[Exercise data]

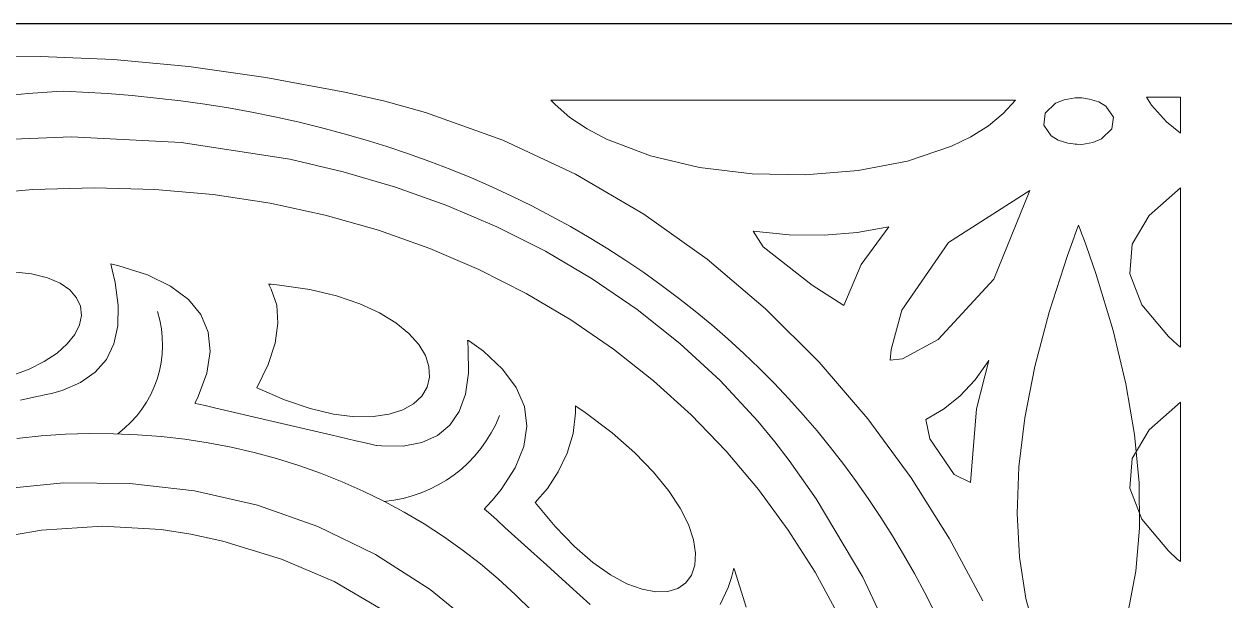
# Model space of a CAD drawing. Header units: inches. Extents: x 249 to 1192, y -18 to 440.
# Drawn here: x 622.4163 to 622.8836, y 266.4235 to 266.6479 of the extents above; entities that cross this region are included whole.
import ezdxf

# ---------------------------------------------------------------- set-up
doc = ezdxf.new("R2010")
doc.units = ezdxf.units.IN
doc.header["$MEASUREMENT"] = 0
doc.layers.add('KACA', color=141, linetype='Continuous', lineweight=30)
doc.layers.add('KOLOM', color=5, linetype='Continuous')

# ---------------------------------------------------------------- blocks, each defined once
blk = doc.blocks.new('GORGA')
blk.add_lwpolyline([(366.59218, 151.19092), (367.59218, 151.19092), (367.59218, 149.19092), (366.59218, 149.19092)], close=True)
blk.add_lwpolyline([(366.59218, 151.19092), (367.59218, 151.19092), (367.59218, 149.19092), (366.59218, 149.19092)], close=True)
at = {"lineweight": 9}
for points in [[(366.80346, 150.96368), (366.80785, 150.97794), (366.80819, 150.97889), (366.80833, 150.97845), (366.80858, 150.97738), (366.80913, 150.97532), (366.81038, 150.97145), (366.81349, 150.96477)], [(366.86415, 150.96479), (366.87216, 150.97203), (366.88102, 150.98003), (366.88975, 150.98792), (366.89737, 150.9948), (366.90045, 150.99758), (366.90288, 150.99978), (366.90454, 151.00128), (366.90531, 151.00197), (366.90534, 151.002), (366.90437, 151.00303), (366.90239, 151.00522), (366.89883, 151.00956), (366.89333, 151.01804), (366.88999, 151.02626), (366.88882, 151.03421), (366.88981, 151.0419), (366.89296, 151.04933), (366.89827, 151.05649), (366.90574, 151.0634), (366.91029, 151.06675), (366.91151, 151.06758), (366.91191, 151.06763), (366.91184, 151.06697), (366.91164, 151.06439), (366.91161, 151.0549), (366.91279, 151.04677), (366.91519, 151.04), (366.91881, 151.03459), (366.92365, 151.03054), (366.9297, 151.02784), (366.93698, 151.02651), (366.94548, 151.02653), (366.94733, 151.0267), (366.94758, 151.02675), (366.94907, 151.0271), (366.95175, 151.02772), (366.95544, 151.02858), (366.96519, 151.03085), (366.98932, 151.03646), (367.00098, 151.03917), (367.01054, 151.0414), (367.01411, 151.04223), (367.01664, 151.04281), (367.01796, 151.04312), (367.01803, 151.04332), (367.01687, 151.04575), (367.0135, 151.05494), (367.0122, 151.06333), (367.01296, 151.07091), (367.01579, 151.07768), (367.02068, 151.08364), (367.02764, 151.0888), (367.03665, 151.09314), (367.04774, 151.09668), (367.05083, 151.09744), (367.05038, 151.09513), (367.04922, 151.09026), (367.04796, 151.08127), (367.0481, 151.07327), (367.04964, 151.06626), (367.05258, 151.06025), (367.05693, 151.05523), (367.06268, 151.0512), (367.06983, 151.04816), (367.07393, 151.04702), (367.07611, 151.04654), (367.07665, 151.04643), (367.07766, 151.04621), (367.07966, 151.04579), (367.08607, 151.04441)], [(366.71122, 150.96625), (366.72417, 150.99041), (366.73913, 151.01412), (366.75609, 151.03713), (366.77501, 151.05916), (366.79587, 151.07996), (366.81865, 151.09928), (366.84332, 151.11685), (366.86984, 151.13241), (366.8982, 151.1457), (366.92837, 151.15647), (366.94412, 151.16082), (366.95979, 151.16434), (366.9905, 151.1701), (367.0205, 151.17432), (367.04979, 151.17704), (367.07831, 151.17826), (367.10605, 151.178)], [(366.80346, 150.96368), (366.80785, 150.97794), (366.80819, 150.97889), (366.80833, 150.97845), (366.80858, 150.97738), (366.80913, 150.97532), (366.81038, 150.97145), (366.81349, 150.96477)], [(366.86415, 150.96479), (366.87216, 150.97203), (366.88102, 150.98003), (366.88975, 150.98792), (366.89737, 150.9948), (366.90045, 150.99758), (366.90288, 150.99978), (366.90454, 151.00128), (366.90531, 151.00197), (366.90534, 151.002), (366.90437, 151.00303), (366.90239, 151.00522), (366.89883, 151.00956), (366.89333, 151.01804), (366.88999, 151.02626), (366.88882, 151.03421), (366.88981, 151.0419), (366.89296, 151.04933), (366.89827, 151.05649), (366.90574, 151.0634), (366.91029, 151.06675), (366.91151, 151.06758), (366.91191, 151.06763), (366.91184, 151.06697), (366.91164, 151.06439), (366.91161, 151.0549), (366.91279, 151.04677), (366.91519, 151.04), (366.91881, 151.03459), (366.92365, 151.03054), (366.9297, 151.02784), (366.93698, 151.02651), (366.94548, 151.02653), (366.94733, 151.0267), (366.94758, 151.02675), (366.94907, 151.0271), (366.95175, 151.02772), (366.95544, 151.02858), (366.96519, 151.03085), (366.98932, 151.03646), (367.00098, 151.03917), (367.01054, 151.0414), (367.01411, 151.04223), (367.01664, 151.04281), (367.01796, 151.04312), (367.01803, 151.04332), (367.01687, 151.04575), (367.0135, 151.05494), (367.0122, 151.06333), (367.01296, 151.07091), (367.01579, 151.07768), (367.02068, 151.08364), (367.02764, 151.0888), (367.03665, 151.09314), (367.04774, 151.09668), (367.05083, 151.09744), (367.05038, 151.09513), (367.04922, 151.09026), (367.04796, 151.08127), (367.0481, 151.07327), (367.04964, 151.06626), (367.05258, 151.06025), (367.05693, 151.05523), (367.06268, 151.0512), (367.06983, 151.04816), (367.07393, 151.04702), (367.07611, 151.04654), (367.07665, 151.04643), (367.07766, 151.04621), (367.07966, 151.04579), (367.08607, 151.04441)], [(366.71122, 150.96625), (366.72417, 150.99041), (366.73913, 151.01412), (366.75609, 151.03713), (366.77501, 151.05916), (366.79587, 151.07996), (366.81865, 151.09928), (366.84332, 151.11685), (366.86984, 151.13241), (366.8982, 151.1457), (366.92837, 151.15647), (366.94412, 151.16082), (366.95979, 151.16434), (366.9905, 151.1701), (367.0205, 151.17432), (367.04979, 151.17704), (367.07831, 151.17826), (367.10605, 151.178)], [(367.09404, 151.16285), (367.08306, 151.16381), (367.07194, 151.16458), (367.06921, 151.16469), (367.06676, 151.1646), (367.06188, 151.16437), (367.05219, 151.16378), (367.04258, 151.16302), (367.03307, 151.16208), (367.02365, 151.16096), (367.01432, 151.15967), (367.00509, 151.1582), (366.99596, 151.15656), (366.98693, 151.15475), (366.978, 151.15277), (366.96917, 151.15062), (366.96045, 151.1483), (366.95183, 151.14582), (366.94332, 151.14317), (366.93492, 151.14035), (366.92664, 151.13737), (366.91846, 151.13422), (366.9104, 151.13092), (366.90246, 151.12745), (366.89463, 151.12382), (366.88693, 151.12004), (366.87934, 151.11609), (366.87188, 151.11199), (366.86454, 151.10774), (366.85733, 151.10333), (366.85024, 151.09876), (366.84329, 151.09404), (366.83647, 151.08918), (366.82977, 151.08416), (366.82322, 151.07899), (366.81679, 151.07367), (366.81051, 151.06821), (366.80436, 151.0626), (366.79836, 151.05685), (366.7925, 151.05095), (366.78678, 151.04491), (366.78121, 151.03872), (366.77578, 151.0324), (366.77051, 151.02594), (366.76538, 151.01933), (366.76041, 151.01259), (366.75559, 151.00572), (366.75092, 150.9987), (366.74642, 150.99156), (366.74207, 150.98428), (366.73788, 150.97687), (366.73386, 150.96932), (366.72999, 150.96165)], [(367.08748, 151.02948), (367.078, 151.03045), (367.06855, 151.03107), (367.05914, 151.03136), (367.04977, 151.0313), (367.04046, 151.03091), (367.03122, 151.03018), (367.02205, 151.02912), (367.01296, 151.02773), (367.00397, 151.02601), (366.99509, 151.02396), (366.98631, 151.02159), (366.97766, 151.0189), (366.96915, 151.01589), (366.96077, 151.01256), (366.95255, 151.00892), (366.94448, 151.00496), (366.93659, 151.0007), (366.92888, 150.99613), (366.92136, 150.99125), (366.91404, 150.98606), (366.90692, 150.98058), (366.90003, 150.9748), (366.89336, 150.96872), (366.88693, 150.96234)], [(367.09404, 151.16285), (367.08306, 151.16381), (367.07194, 151.16458), (367.06921, 151.16469), (367.06676, 151.1646), (367.06188, 151.16437), (367.05219, 151.16378), (367.04258, 151.16302), (367.03307, 151.16208), (367.02365, 151.16096), (367.01432, 151.15967), (367.00509, 151.1582), (366.99596, 151.15656), (366.98693, 151.15475), (366.978, 151.15277), (366.96917, 151.15062), (366.96045, 151.1483), (366.95183, 151.14582), (366.94332, 151.14317), (366.93492, 151.14035), (366.92664, 151.13737), (366.91846, 151.13422), (366.9104, 151.13092), (366.90246, 151.12745), (366.89463, 151.12382), (366.88693, 151.12004), (366.87934, 151.11609), (366.87188, 151.11199), (366.86454, 151.10774), (366.85733, 151.10333), (366.85024, 151.09876), (366.84329, 151.09404), (366.83647, 151.08918), (366.82977, 151.08416), (366.82322, 151.07899), (366.81679, 151.07367), (366.81051, 151.06821), (366.80436, 151.0626), (366.79836, 151.05685), (366.7925, 151.05095), (366.78678, 151.04491), (366.78121, 151.03872), (366.77578, 151.0324), (366.77051, 151.02594), (366.76538, 151.01933), (366.76041, 151.01259), (366.75559, 151.00572), (366.75092, 150.9987), (366.74642, 150.99156), (366.74207, 150.98428), (366.73788, 150.97687), (366.73386, 150.96932), (366.72999, 150.96165)], [(367.08748, 151.02948), (367.078, 151.03045), (367.06855, 151.03107), (367.05914, 151.03136), (367.04977, 151.0313), (367.04046, 151.03091), (367.03122, 151.03018), (367.02205, 151.02912), (367.01296, 151.02773), (367.00397, 151.02601), (366.99509, 151.02396), (366.98631, 151.02159), (366.97766, 151.0189), (366.96915, 151.01589), (366.96077, 151.01256), (366.95255, 151.00892), (366.94448, 151.00496), (366.93659, 151.0007), (366.92888, 150.99613), (366.92136, 150.99125), (366.91404, 150.98606), (366.90692, 150.98058), (366.90003, 150.9748), (366.89336, 150.96872), (366.88693, 150.96234)], [(367.10864, 151.14527), (367.06613, 151.14699), (367.02342, 151.1447), (366.98116, 151.13821), (366.96039, 151.13334), (366.93997, 151.12734), (366.91999, 151.1202), (366.90051, 151.11189), (366.88162, 151.10239), (366.8634, 151.09167), (366.84593, 151.07972), (366.82929, 151.0665), (366.81355, 151.052), (366.79881, 151.03618), (366.79221, 151.02817), (366.78664, 151.0208), (366.77619, 151.00589), (366.75798, 150.97547), (366.74337, 150.94437)], [(367.09535, 151.00954), (367.06924, 151.0121), (367.04349, 151.01191), (367.01828, 151.00901), (366.99379, 151.00341), (366.97022, 150.99514), (366.94774, 150.98421), (366.92654, 150.97065), (366.9068, 150.95449)], [(366.94591, 150.96317), (366.96393, 150.97367), (366.98436, 150.98248), (367.00728, 150.98945), (367.01969, 150.99219), (367.03127, 150.99401), (367.05408, 150.99523), (367.07783, 150.99375), (367.10209, 150.9896)], [(366.76719, 150.96012), (366.77652, 150.9773), (366.78699, 150.99378), (366.79855, 151.00953), (366.81118, 151.02449), (366.82485, 151.03862), (366.83951, 151.05188), (366.85514, 151.06423), (366.8717, 151.07561), (366.88916, 151.08597), (366.90749, 151.09529), (366.92665, 151.1035), (366.94661, 151.11057), (366.96734, 151.11645), (366.9888, 151.12109), (367.01095, 151.12445), (367.03378, 151.12649), (367.05724, 151.12715), (367.08129, 151.12639), (367.10592, 151.12418)], [(367.10864, 151.14527), (367.06613, 151.14699), (367.02342, 151.1447), (366.98116, 151.13821), (366.96039, 151.13334), (366.93997, 151.12734), (366.91999, 151.1202), (366.90051, 151.11189), (366.88162, 151.10239), (366.8634, 151.09167), (366.84593, 151.07972), (366.82929, 151.0665), (366.81355, 151.052), (366.79881, 151.03618), (366.79221, 151.02817), (366.78664, 151.0208), (366.77619, 151.00589), (366.75798, 150.97547), (366.74337, 150.94437)], [(367.09535, 151.00954), (367.06924, 151.0121), (367.04349, 151.01191), (367.01828, 151.00901), (366.99379, 151.00341), (366.97022, 150.99514), (366.94774, 150.98421), (366.92654, 150.97065), (366.9068, 150.95449)], [(366.94591, 150.96317), (366.96393, 150.97367), (366.98436, 150.98248), (367.00728, 150.98945), (367.01969, 150.99219), (367.03127, 150.99401), (367.05408, 150.99523), (367.07783, 150.99375), (367.10209, 150.9896)], [(366.76719, 150.96012), (366.77652, 150.9773), (366.78699, 150.99378), (366.79855, 151.00953), (366.81118, 151.02449), (366.82485, 151.03862), (366.83951, 151.05188), (366.85514, 151.06423), (366.8717, 151.07561), (366.88916, 151.08597), (366.90749, 151.09529), (366.92665, 151.1035), (366.94661, 151.11057), (366.96734, 151.11645), (366.9888, 151.12109), (367.01095, 151.12445), (367.03378, 151.12649), (367.05724, 151.12715), (367.08129, 151.12639), (367.10592, 151.12418)], [(366.65465, 150.96201), (366.6516, 150.97773), (366.65016, 150.99446), (366.65033, 151.01221), (366.65211, 151.03096), (366.65549, 151.05073), (366.66049, 151.07151), (366.6671, 151.0933), (366.67101, 151.10458), (366.67205, 151.10743), (366.67232, 151.10815), (366.6724, 151.10839), (366.6724, 151.10839), (366.67241, 151.10839), (366.67242, 151.10844), (366.67265, 151.10904), (366.67347, 151.11123), (366.67382, 151.11216), (366.67396, 151.11254), (366.67396, 151.11254), (366.6741, 151.11216), (366.67445, 151.11123), (366.67527, 151.10904), (366.6755, 151.10844), (366.67551, 151.10839), (366.67551, 151.10839), (366.67551, 151.10839), (366.67569, 151.10791), (366.67622, 151.10648), (366.67825, 151.10079), (366.6854, 151.07866), (366.69094, 151.05754), (366.69486, 151.03744), (366.69718, 151.01835), (366.69788, 151.00026), (366.69698, 150.98319), (366.69446, 150.96714), (366.69034, 150.95209)], [(366.65465, 150.96201), (366.6516, 150.97773), (366.65016, 150.99446), (366.65033, 151.01221), (366.65211, 151.03096), (366.65549, 151.05073), (366.66049, 151.07151), (366.6671, 151.0933), (366.67101, 151.10458), (366.67205, 151.10743), (366.67232, 151.10815), (366.6724, 151.10839), (366.6724, 151.10839), (366.67241, 151.10839), (366.67242, 151.10844), (366.67265, 151.10904), (366.67347, 151.11123), (366.67382, 151.11216), (366.67396, 151.11254), (366.67396, 151.11254), (366.6741, 151.11216), (366.67445, 151.11123), (366.67527, 151.10904), (366.6755, 151.10844), (366.67551, 151.10839), (366.67551, 151.10839), (366.67551, 151.10839), (366.67569, 151.10791), (366.67622, 151.10648), (366.67825, 151.10079), (366.6854, 151.07866), (366.69094, 151.05754), (366.69486, 151.03744), (366.69718, 151.01835), (366.69788, 151.00026), (366.69698, 150.98319), (366.69446, 150.96714), (366.69034, 150.95209)], [(367.09015, 151.05371), (367.083, 151.05634), (367.07689, 151.05937), (367.07183, 151.06272), (367.06782, 151.06628), (367.0649, 151.06998), (367.06306, 151.07372), (367.06232, 151.07741), (367.06269, 151.08097), (367.0642, 151.0843), (367.06684, 151.08731), (367.07063, 151.08992), (367.07559, 151.09203), (367.08173, 151.09356), (367.08905, 151.09441)], [(367.09015, 151.05371), (367.083, 151.05634), (367.07689, 151.05937), (367.07183, 151.06272), (367.06782, 151.06628), (367.0649, 151.06998), (367.06306, 151.07372), (367.06232, 151.07741), (367.06269, 151.08097), (367.0642, 151.0843), (367.06684, 151.08731), (367.07063, 151.08992), (367.07559, 151.09203), (367.08173, 151.09356), (367.08905, 151.09441)]]:
    blk.add_lwpolyline(points, dxfattribs=at)
for points in [[(366.63427, 151.16245), (366.63427, 151.15637), (366.63427, 151.14838), (366.63969, 151.15279), (366.64558, 151.15926), (366.6475, 151.16245), (366.64441, 151.16245), (366.63998, 151.16245), (366.636, 151.16245)], [(366.63427, 151.16245), (366.63427, 151.15637), (366.63427, 151.14838), (366.63969, 151.15279), (366.64558, 151.15926), (366.6475, 151.16245), (366.64441, 151.16245), (366.63998, 151.16245), (366.636, 151.16245)], [(366.67528, 151.16212), (366.67951, 151.16135), (366.68287, 151.16001), (366.68695, 151.15612), (366.68753, 151.15154), (366.6846, 151.14732), (366.68183, 151.14568), (366.67818, 151.14454), (366.67603, 151.14419), (366.67526, 151.14412), (366.67526, 151.14412), (366.67521, 151.14411), (366.67461, 151.14408), (366.67266, 151.14401), (366.66843, 151.14478), (366.66507, 151.14613), (366.66099, 151.15004), (366.6604, 151.15465), (366.66332, 151.1589), (366.66609, 151.16055), (366.66974, 151.16169), (366.67189, 151.16204), (366.67266, 151.16212), (366.67266, 151.16212), (366.67269, 151.16212), (366.67307, 151.16212), (366.67528, 151.16212)], [(366.67528, 151.16212), (366.67951, 151.16135), (366.68287, 151.16001), (366.68695, 151.15612), (366.68753, 151.15154), (366.6846, 151.14732), (366.68183, 151.14568), (366.67818, 151.14454), (366.67603, 151.14419), (366.67526, 151.14412), (366.67526, 151.14412), (366.67521, 151.14411), (366.67461, 151.14408), (366.67266, 151.14401), (366.66843, 151.14478), (366.66507, 151.14613), (366.66099, 151.15004), (366.6604, 151.15465), (366.66332, 151.1589), (366.66609, 151.16055), (366.66974, 151.16169), (366.67189, 151.16204), (366.67266, 151.16212), (366.67266, 151.16212), (366.67269, 151.16212), (366.67307, 151.16212), (366.67528, 151.16212)], [(366.69846, 151.16127), (366.70327, 151.15599), (366.70909, 151.15124), (366.71585, 151.14702), (366.72342, 151.14333), (366.7406, 151.13752), (366.75983, 151.13381), (366.78029, 151.13218), (366.80113, 151.1326), (366.82156, 151.13506), (366.84073, 151.13954), (366.85783, 151.14603), (366.86535, 151.15003), (366.87204, 151.15452), (366.87781, 151.1595), (366.87909, 151.16082), (366.87949, 151.16127), (366.87937, 151.16127), (366.87747, 151.16127), (366.87348, 151.16127), (366.86762, 151.16127), (366.86013, 151.16127), (366.85121, 151.16127), (366.84111, 151.16127), (366.83003, 151.16127), (366.80587, 151.16127), (366.75574, 151.16127), (366.73337, 151.16127), (366.72363, 151.16127), (366.71517, 151.16127), (366.7082, 151.16127), (366.70294, 151.16127), (366.69962, 151.16127), (366.69846, 151.16127)], [(366.69846, 151.16127), (366.70327, 151.15599), (366.70909, 151.15124), (366.71585, 151.14702), (366.72342, 151.14333), (366.7406, 151.13752), (366.75983, 151.13381), (366.78029, 151.13218), (366.80113, 151.1326), (366.82156, 151.13506), (366.84073, 151.13954), (366.85783, 151.14603), (366.86535, 151.15003), (366.87204, 151.15452), (366.87781, 151.1595), (366.87909, 151.16082), (366.87949, 151.16127), (366.87937, 151.16127), (366.87747, 151.16127), (366.87348, 151.16127), (366.86762, 151.16127), (366.86013, 151.16127), (366.85121, 151.16127), (366.84111, 151.16127), (366.83003, 151.16127), (366.80587, 151.16127), (366.75574, 151.16127), (366.73337, 151.16127), (366.72363, 151.16127), (366.71517, 151.16127), (366.7082, 151.16127), (366.70294, 151.16127), (366.69962, 151.16127), (366.69846, 151.16127)], [(366.63427, 151.12706), (366.64649, 151.1163), (366.65306, 151.10513), (366.654, 151.09355), (366.6493, 151.08156), (366.63897, 151.06916), (366.6355, 151.066), (366.63427, 151.06498), (366.63427, 151.06564), (366.63427, 151.07465), (366.63427, 151.10741), (366.63427, 151.12133), (366.63427, 151.12706)], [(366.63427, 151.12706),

[/Exercise data]

▸ Work to complete:
Please reproduce the entries above exactly, from their first line to the line holding "import ezdxf" inclusive, and nothing else; the pictures stay out.

▸ Output for this exercise:
# Model space of a CAD drawing. Header units: inches. Extents: x 249 to 1192, y -18 to 440.
# Drawn here: x 622.4163 to 622.8836, y 266.4235 to 266.6479 of the extents above; entities that cross this region are included whole.
import ezdxf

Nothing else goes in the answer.